BEATO: Okay. Okay, here we go. This is why Billy Joel shouldn’t be on it.

CARAMANICA: It’s actually not like that. Thank you for this opportunity to respond to this comment, to which I do respectfully. When you think about Hendrix and Eddie Van Halen, you think about formal innovators who are also, in their way, hit makers and creators.

BEATO: Billy Joel wasn’t a hit maker?

CARAMANICA: And also processes that are universal in how they have moved through the world in their wake. Billy Joel is a very good example of a person who writes one or 1.5 kinds of songs really well, that also people before him wrote really well, and people after him wrote really well. I love that I’m delivering this to camera. This is, I’m really going in.

COSCARELLI: We’re clipping this.

CARAMANICA: No, no, yeah, we’re really going in. I like Billy Joel. You get the idea. I just want to go on the record.

COSCARELLI: I don’t.

BEATO: You hear these guys competing for the worst take? The one guy’s like, I love Billy Joel. And the other guy’s like, I don’t.

CARAMANICA: I like Billy Joel.

COSCARELLI: I don’t

CARAMANICA: I know you don’t like Billy Joel. I like Billy Joel. People I love.

BEATO: It’s ridiculous.

Here’s four Ivy League educated people. You’ve got two from Yale, one from Princeton, and Mr. Harvard there, that are the most pretentious, corksniffing, smug people that are all music critics with no background in music. Exactly what you would expect from a New York Times music critic… Now, I shouldn’t rag on these people because of their education. I believe in education.

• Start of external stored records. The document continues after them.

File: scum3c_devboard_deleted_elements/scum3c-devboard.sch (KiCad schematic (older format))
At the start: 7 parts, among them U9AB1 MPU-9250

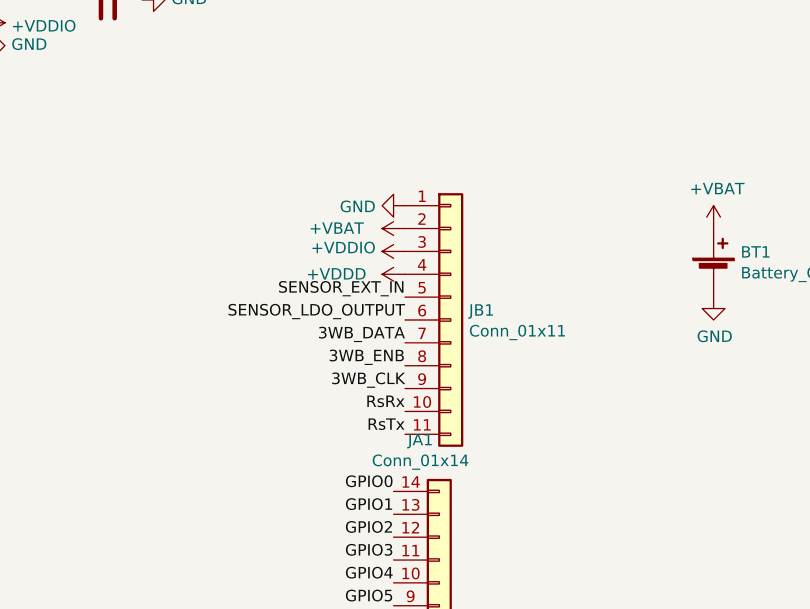
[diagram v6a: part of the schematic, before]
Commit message: added missing BOOT_SOURCE_SELECT
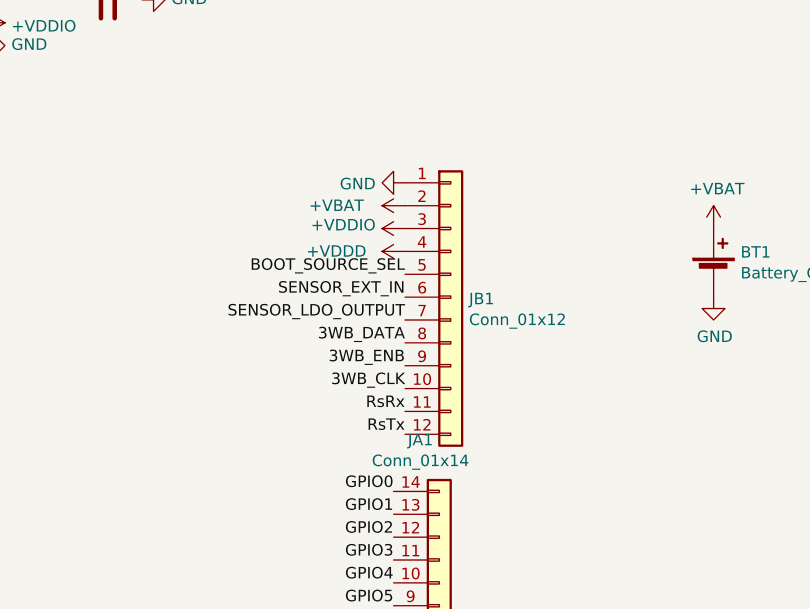
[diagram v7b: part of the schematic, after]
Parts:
- removed JB1: Conn_01x11, Connector_PinHeader_1.27mm:PinHeader_1x11_P1.27mm_Vertical, symbol Connector_Generic:Conn_01x11
- added JB1: Conn_01x12, Connector_PinHeader_1.27mm:PinHeader_1x12_P1.27mm_Vertical, symbol Connector_Generic:Conn_01x12
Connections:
- net +VBAT: now also JB1.2 (Pin_2)
- net +VDDD: now also JB1.4 (Pin_4)
- net +VDDIO: now also JB1.3 (Pin_3)
- net 3WB_CLK: now also JB1.10 (Pin_10)
- net 3WB_DATA: now also JB1.8 (Pin_8)
- net 3WB_ENB: now also JB1.9 (Pin_9)
- net BOOT_SOURCE_SEL: now also JB1.5 (Pin_5)
- net GND: now also JB1.1 (Pin_1)
- net RsRx: now also JB1.11 (Pin_11)
- net RsTx: now also JB1.12 (Pin_12)
- net SENSOR_EXT_IN: now also JB1.6 (Pin_6)
- net SENSOR_LDO_OUTPUT: now also JB1.7 (Pin_7)
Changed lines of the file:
@@
 	1    0    0    -1
-$EndComp
-$Comp
-L draft1library:+VBAT #PWR?
-U 1 1 5F7B958D
-P 4450 3350
-AR Path="/5F3B1D81/5F7B958D" Ref="#PWR?"  Part="1"
-AR Path="/5F41418C/5F7B958D" Ref="#PWR?"  Part="1"
-AR Path="/5F414989/5F7B958D" Ref="#PWR?"  Part="1"
-AR Path="/5F7B958D" Ref="#PWR0109"  Part="1"
-F 0 "#PWR0109" H 4450 3200 50  0001 C CNN
-F 1 "+VBAT" V 4450 3650 50  0000 C CNN
-F 2 "" H 4450 3350 50  0001 C CNN
-F 3 "" H 4450 3350 50  0001 C CNN
-	1    4450 3350
-	0    -1   -1   0
 $EndComp
 Text Label 9400 2350 0    50   ~ 0
@@
 Text Label 8550 3050 2    50   ~ 0
 RsTx
-$Comp
-L power:GND #PWR0124
-U 1 1 5F7D3632
-P 4450 3250
-F 0 "#PWR0124" H 4450 3000 50  0001 C CNN
-F 1 "GND" V 4455 3122 50  0000 R CNN
-F 2 "" H 4450 3250 50  0001 C CNN
-F 3 "" H 4450 3250 50  0001 C CNN
-	1    4450 3250
-	0    1    1    0
-$EndComp
-$Comp
-L draft1library:+VDDIO #PWR?
-U 1 1 5F7B959A
-P 4450 3450
-AR Path="/5F3B1D81/5F7B959A" Ref="#PWR?"  Part="1"
-AR Path="/5F7B959A" Ref="#PWR0110"  Part="1"
-F 0 "#PWR0110" H 4450 3300 50  0001 C CNN
-F 1 "+VDDIO" V 4465 3578 50  0000 L CNN
-F 2 "" H 4450 3450 50  0001 C CNN
-F 3 "" H 4450 3450 50  0001 C CNN
-	1    4450 3450
-	0    -1   -1   0
-$EndComp
 Text Label 4450 4150 2    50   ~ 0
 RsRx
@@
 F20 "GPIO10" B L 8550 2200 50
 $EndSheet
-$Comp
-L draft1library:+VDDD #PWR0111
-U 1 1 5FCBDE12
-P 4450 3550
-F 0 "#PWR0111" H 4450 3400 50  0001 C CNN
-F 1 "+VDDD" V 4450 3850 50  0000 C CNN
-F 2 "" H 4450 3550 50  0001 C CNN
-F 3 "" H 4450 3550 50  0001 C CNN
-	1    4450 3550
-	0    -1   -1   0
-$EndComp
 Text Label 9400 2500 0    50   ~ 0
 SENSOR_EXT_IN
 Text Label 9400 2650 0    50   ~ 0
 SENSOR_LDO_OUTPUT
-$Comp
-L Connector_Generic:Conn_01x11 JB1
-U 1 1 5FCC0A7F
-P 4650 3750
-F 0 "JB1" H 4730 3792 50  0000 L CNN
-F 1 "Conn_01x11" H 4730 3701 50  0000 L CNN
-F 2 "Connector_PinHeader_1.27mm:PinHeader_1x11_P1.27mm_Vertical" H 4650 3750 50  0001 C CNN
-F 3 "~" H 4650 3750 50  0001 C CNN
-	1    4650 3750
-	1    0    0    -1
-$EndComp
-Text Label 4450 3650 2    50   ~ 0
-SENSOR_EXT_IN
 Text Label 4450 3750 2    50   ~ 0
 SENSOR_LDO_OUTPUT
@@
 	0    1    1    0
 $EndComp
+$Comp
+L Connector_Generic:Conn_01x12 JB1
+U 1 1 600261AF
+P 4650 3650
+F 0 "JB1" H 4730 3642 50  0000 L CNN
+F 1 "Conn_01x12" H 4730 3551 50  0000 L CNN
+F 2 "Connector_PinHeader_1.27mm:PinHeader_1x12_P1.27mm_Vertical" H 4650 3650 50  0001 C CNN
+F 3 "~" H 4650 3650 50  0001 C CNN
+	1    4650 3650
+	1    0    0    -1
+$EndComp
+$Comp
+L draft1library:+VBAT #PWR?
+U 1 1 5F7B958D
+P 4450 3250
+AR Path="/5F3B1D81/5F7B958D" Ref="#PWR?"  Part="1"
+AR Path="/5F41418C/5F7B958D" Ref="#PWR?"  Part="1"
+AR Path="/5F414989/5F7B958D" Ref="#PWR?"  Part="1"
+AR Path="/5F7B958D" Ref="#PWR0109"  Part="1"
+F 0 "#PWR0109" H 4450 3100 50  0001 C CNN
+F 1 "+VBAT" V 4450 3550 50  0000 C CNN
+F 2 "" H 4450 3250 50  0001 C CNN
+F 3 "" H 4450 3250 50  0001 C CNN
+	1    4450 3250
+	0    -1   -1   0
+$EndComp
+$Comp
+L power:GND #PWR0124
+U 1 1 5F7D3632
+P 4450 3150
+F 0 "#PWR0124" H 4450 2900 50  0001 C CNN
+F 1 "GND" V 4455 3022 50  0000 R CNN
+F 2 "" H 4450 3150 50  0001 C CNN
+F 3 "" H 4450 3150 50  0001 C CNN
+	1    4450 3150
+	0    1    1    0
+$EndComp
+$Comp
+L draft1library:+VDDIO #PWR?
+U 1 1 5F7B959A
+P 4450 3350
+AR Path="/5F3B1D81/5F7B959A" Ref="#PWR?"  Part="1"
+AR Path="/5F7B959A" Ref="#PWR0110"  Part="1"
+F 0 "#PWR0110" H 4450 3200 50  0001 C CNN
+F 1 "+VDDIO" V 4465 3478 50  0000 L CNN
+F 2 "" H 4450 3350 50  0001 C CNN
+F 3 "" H 4450 3350 50  0001 C CNN
+	1    4450 3350
+	0    -1   -1   0
+$EndComp
+$Comp
+L draft1library:+VDDD #PWR0111
+U 1 1 5FCBDE12
+P 4450 3450
+F 0 "#PWR0111" H 4450 3300 50  0001 C CNN
+F 1 "+VDDD" V 4450 3750 50  0000 C CNN
+F 2 "" H 4450 3450 50  0001 C CNN
+F 3 "" H 4450 3450 50  0001 C CNN
+	1    4450 3450
+	0    -1   -1   0
+$EndComp
+Text Label 4450 3650 2    50   ~ 0
+SENSOR_EXT_IN
+Text Label 4450 3550 2    50   ~ 0
+BOOT_SOURCE_SEL
 $EndSCHEMATC

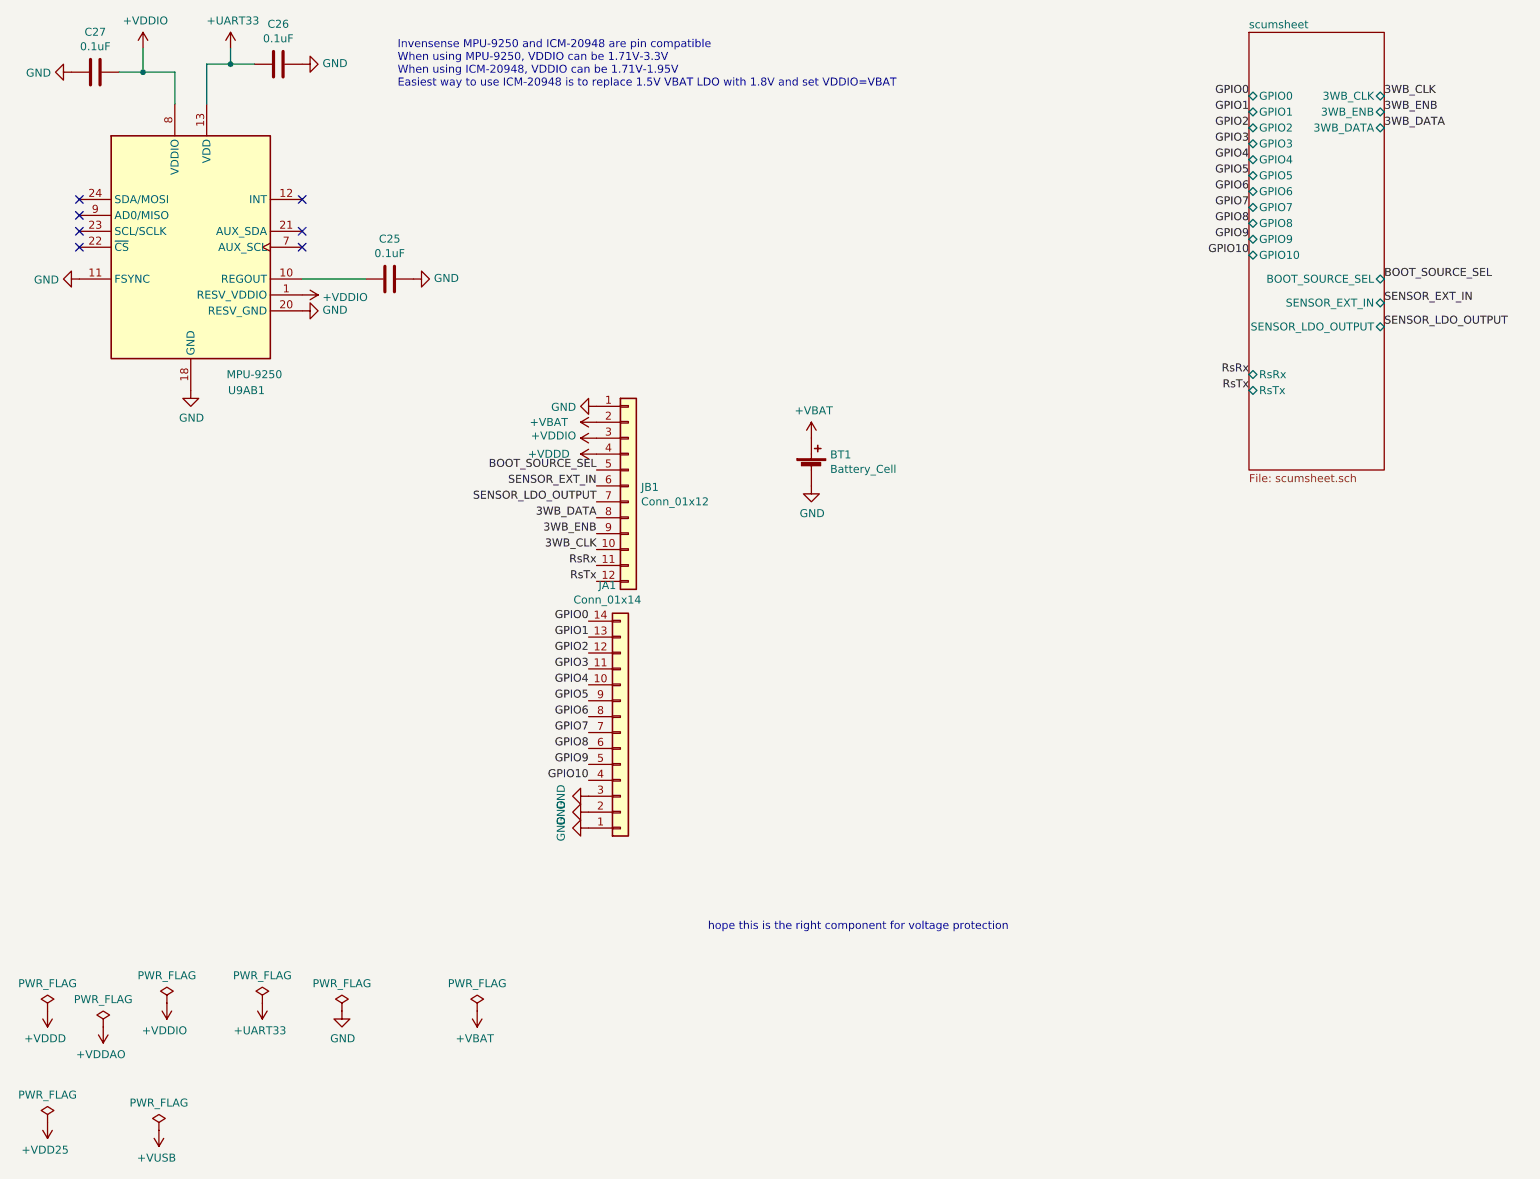
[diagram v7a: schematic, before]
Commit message: connected IMU
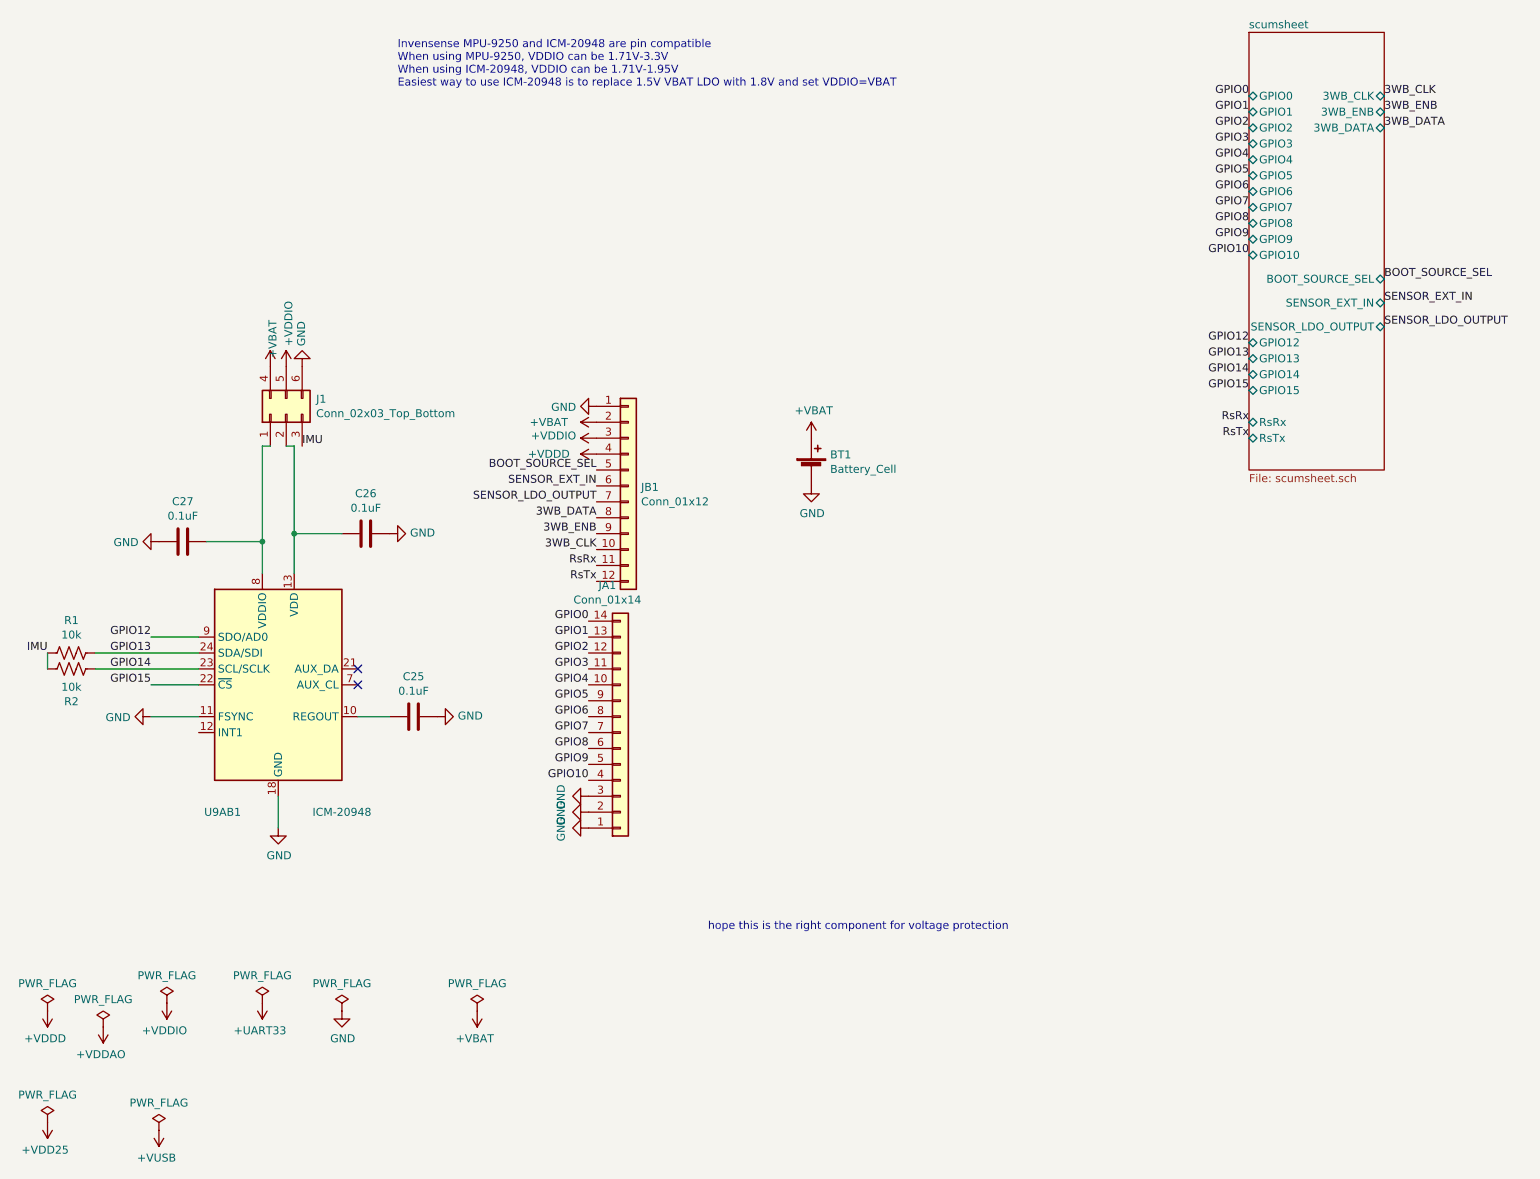
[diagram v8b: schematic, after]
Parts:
- removed U9AB1: MPU-9250, Sensor_Motion:InvenSense_QFN-24_3x3mm_P0.4mm, symbol Sensor_Motion:MPU-9250
- added J1: Conn_02x03_Top_Bottom, Connector_PinHeader_1.27mm:PinHeader_2x03_P1.27mm_Vertical, symbol Connector_Generic:Conn_02x03_Top_Bottom
- added R1, R2: 10k, Resistor_SMD:R_0402_1005Metric, symbol Device:R_US
- added U9AB1: ICM-20948, Sensor_Motion:InvenSense_QFN-24_3x3mm_P0.4mm, symbol Sensor_Motion:ICM-20948
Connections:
- net +UART33: no longer C26.1
- net +VBAT: now also J1.4 (Pin_4)
- net +VDDIO: now also J1.5 (Pin_5); no longer C27.1
- net GND: now also J1.6 (Pin_6), U9AB1.11 (FSYNC), U9AB1.18 (GND), U9AB1.20 (GND)
- net at C25.1: now also U9AB1.10 (REGOUT)
- new net: C26.1, J1.2 (Pin_2), U9AB1.13 (VDD)
- new net: C27.1, J1.1 (Pin_1), U9AB1.8 (VDDIO)
- new net GPIO12: U9AB1.9 (SDO/AD0)
- new net GPIO13: R1.1, U9AB1.24 (SDA/SDI)
- new net GPIO14: R2.2, U9AB1.23 (SCL/SCLK)
- new net GPIO15: U9AB1.22 (~CS)
- new net IMU: J1.3 (Pin_3), R1.2, R2.1
- no-connect marks 7 -> 2
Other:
- moved on the sheet: C25, C26, C27

As a matter of fact, I actually worked for Harvard University indirectly back in 1986 when I played in the pit orchestra, upright bass, at the American Repertory Theater for about a year back when I was in grad school in Boston in 1986. I went to New England Conservatory and did get a music degree. In fact, I got my master’s in music and jazz studies in particular at the New England Conservatory of Music, which is an actual music school where you learn about music.

When I’m talking about music on here, I can play the music myself. I can play any song except for Alan Holdsworth. If I’m talking about classical music, if I’m talking about jazz, if I’m talking about rock, pop, folk, country, I can play all the parts.

I can play the guitar parts, the bass parts, the piano parts, the drum parts. But I’m not going to sit here and say this is a definitive list of the greatest living American songwriters. It’s ridiculous.

That’s why I always say at the end of these videos, this is my personal opinion. I’d love to know yours. Leave it in the comments.

These people’s takes are absurd. All you need to do is watch them talk about music. It drove me nuts watching it.

And I thought I have to make a video about this so that you guys can at least experience this because it only had 40,000 views on YouTube. So I thought I’d give it a little boost here. Love to know your thoughts.